3. A process as claimed in claim 1, in which the aqueous suspension of coal particles has been obtained by grinding coal lumps wet.

4. A process as claimed in claim 1, 2 or 3, in which the agglomerates are separated from an ash-containing water phase by passing a stream of agglomerates containing water, which originates from the agglomeration device, over a sieve on which the agglomerates are retained.

5. A process as claimed in claim 1, 2 or 3, in which the agglomerates are separated from the ash-containing water phase by adding in a separate mixing device an amount of hydro-carbons to the agglomerate-containing water phase, so that two phases are present in this mixing device and the agglomerates migrate from the water phase into the hydrocarbon phase.

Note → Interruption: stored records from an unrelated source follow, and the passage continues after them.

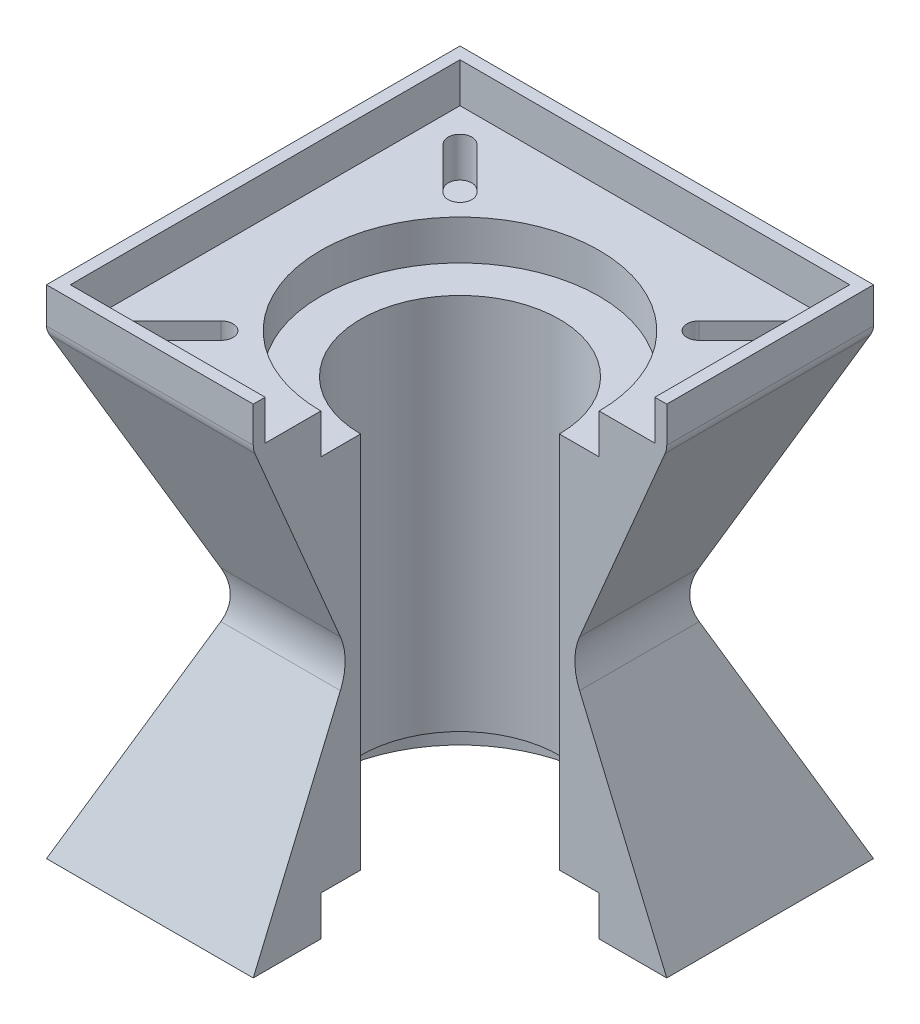
SolidWorks part; units mm, degrees
material "Cast Stainless Steel"
ref_plane "Front Plane" through (0, 0, 0) normal (0, 0, 1) x (1, 0, 0)
ref_plane "Top Plane" through (0, 0, 0) normal (0, 1, 0) x (1, 0, 0)
ref_plane "Right Plane" through (0, 0, 0) normal (1, 0, 0) x (0, 0, -1)
sketch "Sketch1" plane through (0, 0, 0) normal (0, 1, 0) x (1, 0, 0)
  line L1 (-52, 52) -> (52, 52)
  line L2 (-52, 52) -> (-52, -52)
  line L3 (-52, -52) -> (52, -52)
  line L4 (52, 52) -> (52, -52)
  line L5 (-52, 52) -> (52, -52) construction
  line L6 (-52, -52) -> (52, 52) construction
  point P0 (0, 0)
  dimension "D1" = 104
  dimension "D2" = 104
extrude "Boss-Extrude1" add sketch "Sketch1" along normal blind 57.5 draft 23
mirror "Mirror1" about plane through (0, 57.5, 0) normal (0, 1, 0) of bodies 101
sketch "Sketch2" plane through (0, 115, 0) normal (0, 1, 0) x (1, 0, 0)
  circle A0 centre (0, 0) radius 25
  point P3 (0, 0)
  dimension "D1" = 50
extrude "Cut-Extrude2" cut sketch "Sketch2" against normal through all
sketch "Sketch3" plane through (0, 115, 0) normal (0, 1, 0) x (1, 0, 0)
  circle A0 centre (0, 0) radius 35
  dimension "D1" = 70
extrude "Cut-Extrude4" cut sketch "Sketch3" against normal blind 10
sketch "Sketch4" plane through (0, 0, 0) normal (0, -1, 0) x (1, 0, 0)
  circle A0 centre (0, 0) radius 35
  dimension "D1" = 70
extrude "Cut-Extrude5" cut sketch "Sketch4" against normal blind 10
sketch "Sketch5" plane through (0, 115, 0) normal (0, 1, 0) x (1, 0, 0)
  line L0 (0, 55.5964) -> (0, -59.0964) construction
  line L1 (-59.9714, 0) -> (72.6254, 0) construction
  line L3 (0, 0) -> (52, 0)
  line L4 (0, 0) -> (0, -52)
  line L5 (0, -52) -> (52, -52)
  line L6 (52, 0) -> (52, -52)
extrude "Cut-Extrude6" cut sketch "Sketch5" against normal through all
fillet "Fillet1" radius 15 4 edges at (27.5927, 57.5, -13.7963) (0, 57.5, -27.5927) (-27.5927, 57.5, 0) (-13.7963, 57.5, 27.5927)
sketch "Sketch6" plane through (0, 115, 0) normal (0, 1, 0) x (1, 0, 0)
  line L0 (49, 3) -> (49, 0)
  line L1 (52, 0) -> (35, 0) construction
  line L2 (49, 0) -> (52, 0)
  line L8 (0, -49) -> (0, -52)
  line L10 (-3, -49) -> (0, -49)
  line L11 (0, -35) -> (0, -52) construction
  line L12 (-49, -49) -> (-3, -49)
  line L13 (-3, -49) -> (-3, -37.8814)
  line L14 (37.8814, 3) -> (49, 3)
  line L15 (49, 3) -> (49, 49)
  line L16 (49, 49) -> (-49, 49)
  line L17 (-49, 49) -> (-49, -49)
  line L18 (-49, -49) -> (-3, -49)
  line L21 (49, 3) -> (49, 49)
  line L22 (49, 49) -> (-49, 49)
  line L23 (-49, 49) -> (-49, -49)
  line L24 (0, -52) -> (-52, -52)
  line L25 (-52, -52) -> (-52, 52)
  line L26 (-52, 52) -> (52, 52)
  line L27 (52, 52) -> (52, 0)
  arc A2 (37.8814, 3) -> (-3, -37.8814) centre (0, 0) ccw
  dimension "D1" = 3
extrude "Boss-Extrude3" add sketch "Sketch6" along normal blind 10
fillet "Fillet2" radius 5 4 edges at (52, 115, -26) (0, 115, -52) (-52, 115, 0) (-26, 115, 52)
sketch "Sketch7" plane through (0, 115, 0) normal (0, 1, 0) x (1, 0, 0)
  line L0 (0, 55.731) -> (0, -58.4234) construction
  line L1 (-58.4907, 0) -> (64.0099, 0) construction
  line L2 (40.6586, 40.6586) -> (30.052, 30.052) construction
  line L3 (-40.6586, 40.6586) -> (-30.052, 30.052) construction
  line L6 (-38.5373, 42.78) -> (-27.9307, 32.1734)
  line L7 (-42.78, 38.5373) -> (-32.1734, 27.9307)
  line L8 (38.5373, 42.78) -> (27.9307, 32.1734)
  line L9 (42.78, 38.5373) -> (32.1734, 27.9307)
  line L10 (-40.6586, -40.6586) -> (-30.052, -30.052) construction
  line L11 (-38.5373, -42.78) -> (-27.9307, -32.1734)
  line L12 (-42.78, -38.5373) -> (-32.1734, -27.9307)
  circle A2 centre (0, 0) radius 50 construction
  arc A3 (-38.5373, 42.78) -> (-42.78, 38.5373) centre (-40.6586, 40.6586) ccw
  arc A4 (-32.1734, 27.9307) -> (-27.9307, 32.1734) centre (-30.052, 30.052) ccw
  arc A5 (38.5373, 42.78) -> (42.78, 38.5373) centre (40.6586, 40.6586) cw
  arc A6 (32.1734, 27.9307) -> (27.9307, 32.1734) centre (30.052, 30.052) cw
  arc A7 (-38.5373, -42.78) -> (-42.78, -38.5373) centre (-40.6586, -40.6586) cw
  arc A8 (-32.1734, -27.9307) -> (-27.9307, -32.1734) centre (-30.052, -30.052) cw
  point P9 (-35.3553, 35.3553)
  point P14 (0, 0)
  point P15 (0, 0)
  point P16 (0, 0)
  point P17 (0, 0)
  point P20 (35.3553, 35.3553)
  point P27 (-35.3553, -35.3553)
  dimension "D2" = 3
  dimension "D3" = 100
  dimension "D1" = 15
extrude "Cut-Extrude8" cut sketch "Sketch7" against normal blind 10
equation "\"A\"= 115.00mm"
equation "\"B\" = 104mm"
equation "\"C\"= 23deg"

6. A process as claimed in claim 1, 2 or 3, in which after the separation of the agglomerates from the water phase, the agglomerates are mixed at once with the total amount of hydrocarbon fuel.

7. A process as claimed in claim 1, in which after the separation of the agglomerates from the water phase, the agglomerates are mixed with part of the total required amount of hydrocarbon fuel to form a thick sludge, and sub-sequently diluting the sludge with the remainder of the hydro-carbon fuel.

8. A process as claimed in claim 7, in which the agglomerates are disintegrated while they are mixed with at least part of the total required amount of hydrocarbon fuel.

9. A process as claimed in claim 1, 2 or 3, in which the hydrocarbon fuel is a fuel based on heavy oil fractions.

10. A process as claimed in claim 1, 2 or 3, in which the hydrocarbon fuel is fuel oil.

11. A process as claimed in claim 1, 2 or 3, in which said binder is a permanent binder which is ultimately taken up in the fuel.

12. A process as claimed in claim 1, in which said binder is of a type such that it is regained from the agglomerates in the course of the process and recirculated.

13. A process as claimed in claim 12, in which the binder is a light hydrocarbon fraction and the fuel is a heavy hydrocarbon fraction, the agglomerates being mixed with the fuel at a temperature above the boiling point or range of the binder.

14. A process as claimed in claim 1, 2 or 3, in which the applied hydrocarbon fuel is also used as a binder.

15. A process as claimed in claim 1, in which the agglomerates after separation from the ash-containing water phase are mixed with an additional amount of water and additional binder, the agglomerates are disintegrated, the coal is re-agglomerated under turbulent conditions, and the fresh agglomerates are separated from ash-containing water and taken up in the hydrocarbon fuel.

16. A process as claimed in claim 15, in which the first agglomeration step of the two stage agglomeration is performed in a high shear agglomeration device.

17. A process as claimed in claim 1, 2 or 3, wherein said agglomerates are taken up in said hydrocarbon fuel during said separating.

18. A process as claimed in claim 1, 2 or 3, wherein said agglomerates are taken up in said hydrocarbon fuel after said separating.